In this first batch of software, Nintendo basically dumped all of its arcade hits at once -- which meant a lot of Mario and Donkey Kong. The problem is, for one reason or another most of them are kind of lousy! No one needs to play Donkey Kong 3 or Donkey Kong Jr. Math. Mario Bros is... intellectually interesting in retrospect, especially if you come at it with the knowledge that this was Miyamoto's take on Joust and you try to contrast that vision with Balloon Fight. And then the NES port of Donkey Kong is just missing a bunch of stuff. The cement factory level is gone entirely.
That leaves us with Donkey Kong Jr., possibly the most interesting game in its series anyway. Here, for once, Mario is the villain. The player takes the role of young Kong, out to free his father from captivity. Compared to the original Donkey Kong, this sequel actually gives the player quite a lot to do. In place of just walking back and forth and jumping over barrels and fireballs, Junior can climb vines -- either individually, or for speed he can take one in each hand. This lends some much needed business to play and interactivity to the environments.
It's quite a good game, and yet so overshadowed by its predecessor that there's a good chance you haven't played it. If you have, it's probably been decades. Go check it out, and see if it hasn't held up.
Clu Clu Land
So here's an oddity. One of the most admirable qualities of Nintendo's early days was the willingness to experiment. Not every game was even meant to be a triple-A tentpole multi-million seller. For every Zelda you got a half-dozen small-scale doodles like Gumshoe or Balloon Fight or Clu Clu Land. They didn't have to be wholly successful; they just had to do something new, or to try something familiar in a brand new way.
Clu Clu Land is a bizarro (two-player co-op!) take on Pac-Man. As in that game your character just keeps moving in a direction unless rotated, and the goal is to "complete" the level by covering every inch of the screen while avoiding a pack of hungry monsters.

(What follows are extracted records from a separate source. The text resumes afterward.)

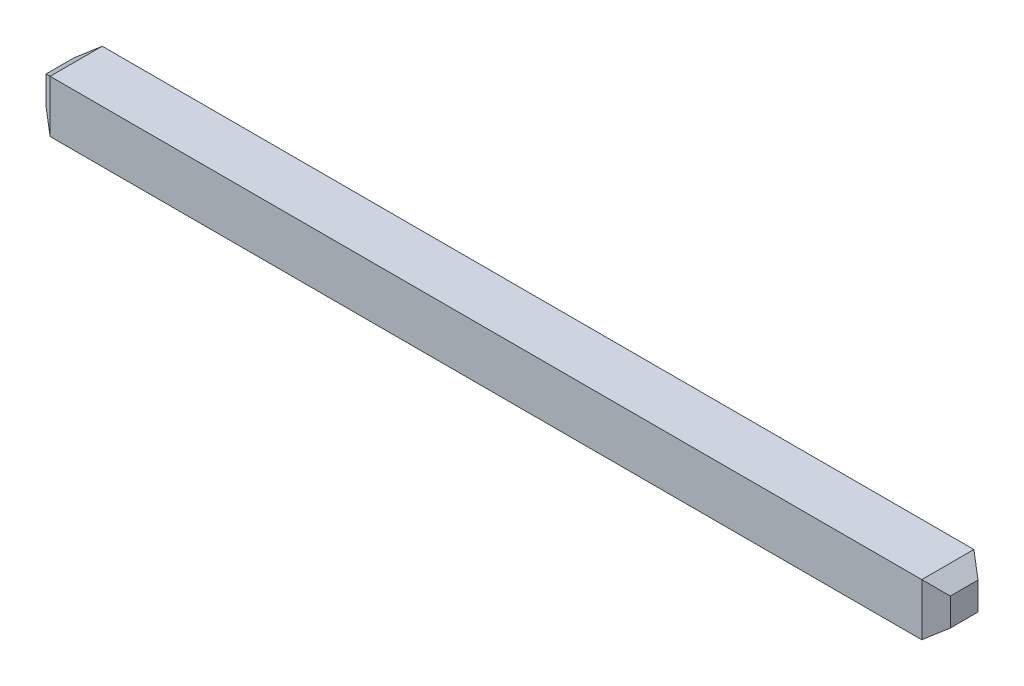
ISO-10303-21;
HEADER;
FILE_DESCRIPTION(('STEP AP214'),'2;1');
FILE_NAME('part.step','',(''),(''),'','','');
FILE_SCHEMA(('AUTOMOTIVE_DESIGN { 1 0 10303 214 1 1 1 1 }'));
ENDSEC;
DATA;
#1=APPLICATION_CONTEXT('core data for automotive mechanical design processes');
#2=APPLICATION_PROTOCOL_DEFINITION('international standard','automotive_design',2000,#1);
#3=PRODUCT_CONTEXT('',#1,'mechanical');
#4=PRODUCT('Part','Part','',(#3));
#5=PRODUCT_RELATED_PRODUCT_CATEGORY('part','',(#4));
#6=PRODUCT_DEFINITION_FORMATION('','',#4);
#7=PRODUCT_DEFINITION_CONTEXT('part definition',#1,'design');
#8=PRODUCT_DEFINITION('design','',#6,#7);
#9=PRODUCT_DEFINITION_SHAPE('','',#8);
#10=(LENGTH_UNIT() NAMED_UNIT(*) SI_UNIT(.MILLI.,.METRE.));
#11=(NAMED_UNIT(*) PLANE_ANGLE_UNIT() SI_UNIT($,.RADIAN.));
#12=(NAMED_UNIT(*) SI_UNIT($,.STERADIAN.) SOLID_ANGLE_UNIT());
#13=UNCERTAINTY_MEASURE_WITH_UNIT(LENGTH_MEASURE(1.E-05),#10,'distance_accuracy_value','');
#14=(GEOMETRIC_REPRESENTATION_CONTEXT(3) GLOBAL_UNCERTAINTY_ASSIGNED_CONTEXT((#13)) GLOBAL_UNIT_ASSIGNED_CONTEXT((#10,
#11,#12)) REPRESENTATION_CONTEXT('',''));
#15=CARTESIAN_POINT('',(0.,0.,0.));
#16=DIRECTION('',(0.,0.,1.));
#17=DIRECTION('',(1.,0.,0.));
#18=AXIS2_PLACEMENT_3D('',#15,#16,#17);
#19=CARTESIAN_POINT('',(-2.4,3.77,-16.755));
#20=DIRECTION('',(0.5999999999908,0.,0.8000000000069));
#21=DIRECTION('',(0.8000000000069,0.,-0.5999999999908));
#22=AXIS2_PLACEMENT_3D('',#19,#20,#21);
#23=PLANE('',#22);
#24=DIRECTION('',(0.,1.,0.));
#25=VECTOR('',#24,1.);
#26=CARTESIAN_POINT('',(-2.3,3.77,-16.83));
#27=LINE('',#26,#25);
#28=CARTESIAN_POINT('',(-2.29999999999957,4.09,-16.8299999999994));
#29=VERTEX_POINT('',#28);
#30=CARTESIAN_POINT('',(-2.29999999999957,3.45,-16.8299999999994));
#31=VERTEX_POINT('',#30);
#32=EDGE_CURVE('E101',#29,#31,#27,.F.);
#33=ORIENTED_EDGE('',*,*,#32,.T.);
#34=DIRECTION('',(-0.685994340570039,0.514495755427529,0.51449575542752));
#35=VECTOR('',#34,1.);
#36=CARTESIAN_POINT('',(-2.3,3.45,-16.83));
#37=LINE('',#36,#35);
#38=CARTESIAN_POINT('',(-2.50000000000022,3.6,-16.6800000000003));
#39=VERTEX_POINT('',#38);
#40=EDGE_CURVE('E85',#31,#39,#37,.T.);
#41=ORIENTED_EDGE('',*,*,#40,.T.);
#42=DIRECTION('',(0.,1.,0.));
#43=VECTOR('',#42,1.);
#44=CARTESIAN_POINT('',(-2.5,3.77,-16.68));
#45=LINE('',#44,#43);
#46=CARTESIAN_POINT('',(-2.50000000000043,3.94,-16.6800000000006));
#47=VERTEX_POINT('',#46);
#48=EDGE_CURVE('E79',#39,#47,#45,.T.);
#49=ORIENTED_EDGE('',*,*,#48,.T.);
#50=DIRECTION('',(-0.685994340570039,-0.514495755427529,0.51449575542752));
#51=VECTOR('',#50,1.);
#52=CARTESIAN_POINT('',(-2.3,4.09,-16.83));
#53=LINE('',#52,#51);
#54=EDGE_CURVE('E20',#29,#47,#53,.T.);
#55=ORIENTED_EDGE('',*,*,#54,.F.);
#56=EDGE_LOOP('',(#33,#41,#49,#55));
#57=FACE_BOUND('',#56,.T.);
#58=ADVANCED_FACE('F17',(#57),#23,.F.);
#59=CARTESIAN_POINT('',(8.5,3.77,-16.755));
#60=DIRECTION('',(-0.5999999999908,0.,0.8000000000069));
#61=DIRECTION('',(0.8000000000069,0.,0.5999999999908));
#62=AXIS2_PLACEMENT_3D('',#59,#60,#61);
#63=PLANE('',#62);
#64=DIRECTION('',(0.,1.,0.));
#65=VECTOR('',#64,1.);
#66=CARTESIAN_POINT('',(8.6,3.77,-16.68));
#67=LINE('',#66,#65);
#68=CARTESIAN_POINT('',(8.60000000000021,3.6,-16.6800000000003));
#69=VERTEX_POINT('',#68);
#70=CARTESIAN_POINT('',(8.60000000000043,3.94,-16.6800000000006));
#71=VERTEX_POINT('',#70);
#72=EDGE_CURVE('E113',#69,#71,#67,.T.);
#73=ORIENTED_EDGE('',*,*,#72,.F.);
#74=DIRECTION('',(-0.685994340570037,-0.514495755427528,-0.514495755427522));
#75=VECTOR('',#74,1.);
#76=CARTESIAN_POINT('',(8.6,3.6,-16.68));
#77=LINE('',#76,#75);
#78=CARTESIAN_POINT('',(8.39999999999957,3.45,-16.8299999999994));
#79=VERTEX_POINT('',#78);
#80=EDGE_CURVE('E108',#69,#79,#77,.T.);
#81=ORIENTED_EDGE('',*,*,#80,.T.);
#82=DIRECTION('',(0.,1.,0.));
#83=VECTOR('',#82,1.);
#84=CARTESIAN_POINT('',(8.4,3.77,-16.83));
#85=LINE('',#84,#83);
#86=CARTESIAN_POINT('',(8.39999999999957,4.09,-16.8299999999994));
#87=VERTEX_POINT('',#86);
#88=EDGE_CURVE('E99',#79,#87,#85,.T.);
#89=ORIENTED_EDGE('',*,*,#88,.T.);
#90=DIRECTION('',(-0.685994340570037,0.514495755427528,-0.514495755427522));
#91=VECTOR('',#90,1.);
#92=CARTESIAN_POINT('',(8.6,3.94,-16.68));
#93=LINE('',#92,#91);
#94=EDGE_CURVE('E116',#71,#87,#93,.T.);
#95=ORIENTED_EDGE('',*,*,#94,.F.);
#96=EDGE_LOOP('',(#73,#81,#89,#95));
#97=FACE_BOUND('',#96,.T.);
#98=ADVANCED_FACE('F214',(#97),#63,.F.);
#99=CARTESIAN_POINT('',(-2.4,4.015,-16.51));
#100=DIRECTION('',(-0.6,0.8,0.));
#101=DIRECTION('',(-0.8,-0.6,0.));
#102=AXIS2_PLACEMENT_3D('',#99,#100,#101);
#103=PLANE('',#102);
#104=DIRECTION('',(-0.685994340575992,-0.514495755427529,-0.514495755419582));
#105=VECTOR('',#104,1.);
#106=CARTESIAN_POINT('',(-2.29999999999913,4.09,-16.1900000000012));
#107=LINE('',#106,#105);
#108=CARTESIAN_POINT('',(-2.29999999999989,4.09,-16.1900000000001));
#109=VERTEX_POINT('',#108);
#110=CARTESIAN_POINT('',(-2.50000000000022,3.94,-16.3399999999997));
#111=VERTEX_POINT('',#110);
#112=EDGE_CURVE('E128',#109,#111,#107,.T.);
#113=ORIENTED_EDGE('',*,*,#112,.F.);
#114=DIRECTION('',(0.,0.,1.));
#115=VECTOR('',#114,1.);
#116=CARTESIAN_POINT('',(-2.3,4.09,-16.51));
#117=LINE('',#116,#115);
#118=EDGE_CURVE('E93',#29,#109,#117,.T.);
#119=ORIENTED_EDGE('',*,*,#118,.F.);
#120=ORIENTED_EDGE('',*,*,#54,.T.);
#121=DIRECTION('',(0.,0.,-1.));
#122=VECTOR('',#121,1.);
#123=CARTESIAN_POINT('',(-2.5,3.94,-16.51));
#124=LINE('',#123,#122);
#125=EDGE_CURVE('E87',#47,#111,#124,.F.);
#126=ORIENTED_EDGE('',*,*,#125,.T.);
#127=EDGE_LOOP('',(#113,#119,#120,#126));
#128=FACE_BOUND('',#127,.T.);
#129=ADVANCED_FACE('F90',(#128),#103,.T.);
#130=CARTESIAN_POINT('',(-2.5,3.77,-16.51));
#131=DIRECTION('',(1.,0.,0.));
#132=DIRECTION('',(0.,0.,-1.));
#133=AXIS2_PLACEMENT_3D('',#130,#131,#132);
#134=PLANE('',#133);
#135=DIRECTION('',(0.,1.,0.));
#136=VECTOR('',#135,1.);
#137=CARTESIAN_POINT('',(-2.50000000000087,3.77,-16.3399999999988));
#138=LINE('',#137,#136);
#139=CARTESIAN_POINT('',(-2.50000000000022,3.6,-16.3399999999997));
#140=VERTEX_POINT('',#139);
#141=EDGE_CURVE('E97',#111,#140,#138,.F.);
#142=ORIENTED_EDGE('',*,*,#141,.F.);
#143=ORIENTED_EDGE('',*,*,#125,.F.);
#144=ORIENTED_EDGE('',*,*,#48,.F.);
#145=DIRECTION('',(0.,0.,1.));
#146=VECTOR('',#145,1.);
#147=CARTESIAN_POINT('',(-2.5,3.6,-16.51));
#148=LINE('',#147,#146);
#149=EDGE_CURVE('E105',#39,#140,#148,.T.);
#150=ORIENTED_EDGE('',*,*,#149,.T.);
#151=EDGE_LOOP('',(#142,#143,#144,#150));
#152=FACE_BOUND('',#151,.T.);
#153=ADVANCED_FACE('F95',(#152),#134,.F.);
#154=CARTESIAN_POINT('',(3.05,3.77,-16.83));
#155=DIRECTION('',(0.,0.,1.));
#156=DIRECTION('',(1.,0.,0.));
#157=AXIS2_PLACEMENT_3D('',#154,#155,#156);
#158=PLANE('',#157);
#159=ORIENTED_EDGE('',*,*,#32,.F.);
#160=DIRECTION('',(1.,0.,0.));
#161=VECTOR('',#160,1.);
#162=CARTESIAN_POINT('',(3.05,4.09,-16.83));
#163=LINE('',#162,#161);
#164=EDGE_CURVE('E122',#87,#29,#163,.F.);
#165=ORIENTED_EDGE('',*,*,#164,.F.);
#166=ORIENTED_EDGE('',*,*,#88,.F.);
#167=DIRECTION('',(1.,0.,0.));
#168=VECTOR('',#167,1.);
#169=CARTESIAN_POINT('',(3.05,3.45,-16.83));
#170=LINE('',#169,#168);
#171=EDGE_CURVE('E136',#79,#31,#170,.F.);
#172=ORIENTED_EDGE('',*,*,#171,.T.);
#173=EDGE_LOOP('',(#159,#165,#166,#172));
#174=FACE_BOUND('',#173,.T.);
#175=ADVANCED_FACE('F182',(#174),#158,.F.);
#176=CARTESIAN_POINT('',(-2.4,3.525,-16.51));
#177=DIRECTION('',(0.6,0.8,0.));
#178=DIRECTION('',(-0.8,0.6,0.));
#179=AXIS2_PLACEMENT_3D('',#176,#177,#178);
#180=PLANE('',#179);
#181=DIRECTION('',(0.,0.,1.));
#182=VECTOR('',#181,1.);
#183=CARTESIAN_POINT('',(-2.3,3.45,-16.51));
#184=LINE('',#183,#182);
#185=CARTESIAN_POINT('',(-2.29999999999978,3.45,-16.1900000000003));
#186=VERTEX_POINT('',#185);
#187=EDGE_CURVE('E139',#31,#186,#184,.T.);
#188=ORIENTED_EDGE('',*,*,#187,.T.);
#189=DIRECTION('',(0.685994340575992,-0.514495755427529,0.514495755419582));
#190=VECTOR('',#189,1.);
#191=CARTESIAN_POINT('',(-2.50000000000087,3.6,-16.3399999999988));
#192=LINE('',#191,#190);
#193=EDGE_CURVE('E131',#140,#186,#192,.T.);
#194=ORIENTED_EDGE('',*,*,#193,.F.);
#195=ORIENTED_EDGE('',*,*,#149,.F.);
#196=ORIENTED_EDGE('',*,*,#40,.F.);
#197=EDGE_LOOP('',(#188,#194,#195,#196));
#198=FACE_BOUND('',#197,.T.);
#199=ADVANCED_FACE('F179',(#198),#180,.F.);
#200=CARTESIAN_POINT('',(8.5,3.525,-16.51));
#201=DIRECTION('',(-0.6,0.8,0.));
#202=DIRECTION('',(-0.8,-0.6,0.));
#203=AXIS2_PLACEMENT_3D('',#200,#201,#202);
#204=PLANE('',#203);
#205=DIRECTION('',(0.,0.,-1.));
#206=VECTOR('',#205,1.);
#207=CARTESIAN_POINT('',(8.6,3.6,-16.51));
#208=LINE('',#207,#206);
#209=CARTESIAN_POINT('',(8.60000000000022,3.6,-16.3399999999997));
#210=VERTEX_POINT('',#209);
#211=EDGE_CURVE('E110',#210,#69,#208,.T.);
#212=ORIENTED_EDGE('',*,*,#211,.F.);
#213=DIRECTION('',(0.685994340575992,0.514495755427534,-0.514495755419576));
#214=VECTOR('',#213,1.);
#215=CARTESIAN_POINT('',(8.39999999999913,3.45,-16.1900000000012));
#216=LINE('',#215,#214);
#217=CARTESIAN_POINT('',(8.39999999999989,3.45,-16.1900000000001));
#218=VERTEX_POINT('',#217);
#219=EDGE_CURVE('E35',#218,#210,#216,.T.);
#220=ORIENTED_EDGE('',*,*,#219,.F.);
#221=DIRECTION('',(0.,0.,1.));
#222=VECTOR('',#221,1.);
#223=CARTESIAN_POINT('',(8.4,3.45,-16.51));
#224=LINE('',#223,#222);
#225=EDGE_CURVE('E134',#218,#79,#224,.F.);
#226=ORIENTED_EDGE('',*,*,#225,.T.);
#227=ORIENTED_EDGE('',*,*,#80,.F.);
#228=EDGE_LOOP('',(#212,#220,#226,#227));
#229=FACE_BOUND('',#228,.T.);
#230=ADVANCED_FACE('F181',(#229),#204,.F.);
#231=CARTESIAN_POINT('',(8.6,3.77,-16.51));
#232=DIRECTION('',(1.,0.,0.));
#233=DIRECTION('',(0.,0.,-1.));
#234=AXIS2_PLACEMENT_3D('',#231,#232,#233);
#235=PLANE('',#234);
#236=ORIENTED_EDGE('',*,*,#72,.T.);
#237=DIRECTION('',(0.,0.,1.));
#238=VECTOR('',#237,1.);
#239=CARTESIAN_POINT('',(8.6,3.94,-16.51));
#240=LINE('',#239,#238);
#241=CARTESIAN_POINT('',(8.60000000000022,3.94,-16.3399999999997));
#242=VERTEX_POINT('',#241);
#243=EDGE_CURVE('E119',#242,#71,#240,.F.);
#244=ORIENTED_EDGE('',*,*,#243,.F.);
#245=DIRECTION('',(0.,1.,0.));
#246=VECTOR('',#245,1.);
#247=CARTESIAN_POINT('',(8.60000000000087,3.77,-16.3399999999988));
#248=LINE('',#247,#246);
#249=EDGE_CURVE('E142',#210,#242,#248,.T.);
#250=ORIENTED_EDGE('',*,*,#249,.F.);
#251=ORIENTED_EDGE('',*,*,#211,.T.);
#252=EDGE_LOOP('',(#236,#244,#250,#251));
#253=FACE_BOUND('',#252,.T.);
#254=ADVANCED_FACE('F189',(#253),#235,.T.);
#255=CARTESIAN_POINT('',(8.5,4.015,-16.51));
#256=DIRECTION('',(0.6,0.8,0.));
#257=DIRECTION('',(-0.8,0.6,0.));
#258=AXIS2_PLACEMENT_3D('',#255,#256,#257);
#259=PLANE('',#258);
#260=DIRECTION('',(-0.685994340575992,0.514495755427534,0.514495755419576));
#261=VECTOR('',#260,1.);
#262=CARTESIAN_POINT('',(8.60000000000087,3.94,-16.3399999999988));
#263=LINE('',#262,#261);
#264=CARTESIAN_POINT('',(8.39999999999989,4.09,-16.1900000000001));
#265=VERTEX_POINT('',#264);
#266=EDGE_CURVE('E145',#242,#265,#263,.T.);
#267=ORIENTED_EDGE('',*,*,#266,.F.);
#268=ORIENTED_EDGE('',*,*,#243,.T.);
#269=ORIENTED_EDGE('',*,*,#94,.T.);
#270=DIRECTION('',(0.,0.,1.));
#271=VECTOR('',#270,1.);
#272=CARTESIAN_POINT('',(8.4,4.09,-16.51));
#273=LINE('',#272,#271);
#274=EDGE_CURVE('E125',#265,#87,#273,.F.);
#275=ORIENTED_EDGE('',*,*,#274,.F.);
#276=EDGE_LOOP('',(#267,#268,#269,#275));
#277=FACE_BOUND('',#276,.T.);
#278=ADVANCED_FACE('F170',(#277),#259,.T.);
#279=CARTESIAN_POINT('',(3.05,4.09,-16.51));
#280=DIRECTION('',(0.,1.,0.));
#281=DIRECTION('',(0.,0.,1.));
#282=AXIS2_PLACEMENT_3D('',#279,#280,#281);
#283=PLANE('',#282);
#284=DIRECTION('',(1.,0.,0.));
#285=VECTOR('',#284,1.);
#286=CARTESIAN_POINT('',(3.05,4.09,-16.19));
#287=LINE('',#286,#285);
#288=EDGE_CURVE('E148',#265,#109,#287,.F.);
#289=ORIENTED_EDGE('',*,*,#288,.F.);
#290=ORIENTED_EDGE('',*,*,#274,.T.);
#291=ORIENTED_EDGE('',*,*,#164,.T.);
#292=ORIENTED_EDGE('',*,*,#118,.T.);
#293=EDGE_LOOP('',(#289,#290,#291,#292));
#294=FACE_BOUND('',#293,.T.);
#295=ADVANCED_FACE('F173',(#294),#283,.T.);
#296=CARTESIAN_POINT('',(-2.4,3.77,-16.265));
#297=DIRECTION('',(-0.599999999990736,0.,0.800000000006948));
#298=DIRECTION('',(0.800000000006948,0.,0.599999999990736));
#299=AXIS2_PLACEMENT_3D('',#296,#297,#298);
#300=PLANE('',#299);
#301=ORIENTED_EDGE('',*,*,#193,.T.);
#302=DIRECTION('',(0.,1.,0.));
#303=VECTOR('',#302,1.);
#304=CARTESIAN_POINT('',(-2.3,3.77,-16.19));
#305=LINE('',#304,#303);
#306=EDGE_CURVE('E151',#109,#186,#305,.F.);
#307=ORIENTED_EDGE('',*,*,#306,.F.);
#308=ORIENTED_EDGE('',*,*,#112,.T.);
#309=ORIENTED_EDGE('',*,*,#141,.T.);
#310=EDGE_LOOP('',(#301,#307,#308,#309));
#311=FACE_BOUND('',#310,.T.);
#312=ADVANCED_FACE('F176',(#311),#300,.T.);
#313=CARTESIAN_POINT('',(3.05,3.45,-16.51));
#314=DIRECTION('',(0.,1.,0.));
#315=DIRECTION('',(0.,0.,1.));
#316=AXIS2_PLACEMENT_3D('',#313,#314,#315);
#317=PLANE('',#316);
#318=ORIENTED_EDGE('',*,*,#187,.F.);
#319=ORIENTED_EDGE('',*,*,#171,.F.);
#320=ORIENTED_EDGE('',*,*,#225,.F.);
#321=DIRECTION('',(1.,0.,0.));
#322=VECTOR('',#321,1.);
#323=CARTESIAN_POINT('',(3.05,3.45,-16.19));
#324=LINE('',#323,#322);
#325=EDGE_CURVE('E26',#186,#218,#324,.T.);
#326=ORIENTED_EDGE('',*,*,#325,.F.);
#327=EDGE_LOOP('',(#318,#319,#320,#326));
#328=FACE_BOUND('',#327,.T.);
#329=ADVANCED_FACE('F162',(#328),#317,.F.);
#330=CARTESIAN_POINT('',(8.5,3.77,-16.265));
#331=DIRECTION('',(0.599999999990736,0.,0.800000000006948));
#332=DIRECTION('',(0.800000000006948,0.,-0.599999999990736));
#333=AXIS2_PLACEMENT_3D('',#330,#331,#332);
#334=PLANE('',#333);
#335=ORIENTED_EDGE('',*,*,#266,.T.);
#336=DIRECTION('',(0.,1.,0.));
#337=VECTOR('',#336,1.);
#338=CARTESIAN_POINT('',(8.4,3.77,-16.19));
#339=LINE('',#338,#337);
#340=EDGE_CURVE('E11',#218,#265,#339,.T.);
#341=ORIENTED_EDGE('',*,*,#340,.F.);
#342=ORIENTED_EDGE('',*,*,#219,.T.);
#343=ORIENTED_EDGE('',*,*,#249,.T.);
#344=EDGE_LOOP('',(#335,#341,#342,#343));
#345=FACE_BOUND('',#344,.T.);
#346=ADVANCED_FACE('F166',(#345),#334,.T.);
#347=CARTESIAN_POINT('',(3.05,3.77,-16.19));
#348=DIRECTION('',(0.,0.,1.));
#349=DIRECTION('',(1.,0.,0.));
#350=AXIS2_PLACEMENT_3D('',#347,#348,#349);
#351=PLANE('',#350);
#352=ORIENTED_EDGE('',*,*,#325,.T.);
#353=ORIENTED_EDGE('',*,*,#340,.T.);
#354=ORIENTED_EDGE('',*,*,#288,.T.);
#355=ORIENTED_EDGE('',*,*,#306,.T.);
#356=EDGE_LOOP('',(#352,#353,#354,#355));
#357=FACE_BOUND('',#356,.T.);
#358=ADVANCED_FACE('F157',(#357),#351,.T.);
#359=CLOSED_SHELL('',(#58,#98,#129,#153,#175,#199,#230,#254,#278,#295,#312,#329,#346,#358));
#360=MANIFOLD_SOLID_BREP('B1',#359);
#361=ADVANCED_BREP_SHAPE_REPRESENTATION('',(#18,#360),#14);
#362=SHAPE_DEFINITION_REPRESENTATION(#9,#361);
ENDSEC;
END-ISO-10303-21;

Here, your character is a fragile sea creature called Bubbles who must avoid boing popped by the vile sea urchins (who themselves look like a prototype for Zelda's Octorocks). The object is to scoot around a grid, uncovering all of the level's gold, the abstract of which usually sketches out a simple picture.
The curious thing comes in the character's locomotion and steering. Bubbles will bounce off of any hard surface and rebound the other direction, at a steady vector. To guide her velocity (yes, she's a she) you hit the right or left arrow to stick out a claw and grab one of the pegs littering the level's grid. Bubbles will then spin around and around the peg until you let go of the button.
It's a weird, experimental control scheme, and even when you get used to it, it can lead to a few headaches. There lies the key, though: it is experimental, and it is weird. Maybe there's a reason that this game hasn't been imitated over the years, but the point is that this is an original perspective on game design that you aren't going to see elsewhere.
As with so many early Nintendo games, Clu-Clu Land was a bold and wacky game to release -- especially at what must have been full price, which in 1985 dollars would have been... yikes. It's games like these, though, that lend context and meaning to the ambitious and ultimately safe headline projects that make a publisher's bottom line. Without this kind of weirdness the game industry (or any other creative medium) will quickly begin to eat itself and turn into endless iterations of the two or three design concepts that sales figures have determined are the correct way to do things.
In any creative medium, there is never a right way. Given a particular creative goal, there is often a more or a less elegant way to express what you're there to say, but art isn't a rational language. Just as it's folly to look for a Platonic ideal of the correct film or painting, it's silly to think of videogames in terms of right or wrong or better or worse, except insofar as how well they individually express themselves.
Any game that has something new and brave and different to say is to be applauded and cherished, and the early days of Nintendo are a hotbed for this originality. The later days... maybe not so much. But that's a story for another time.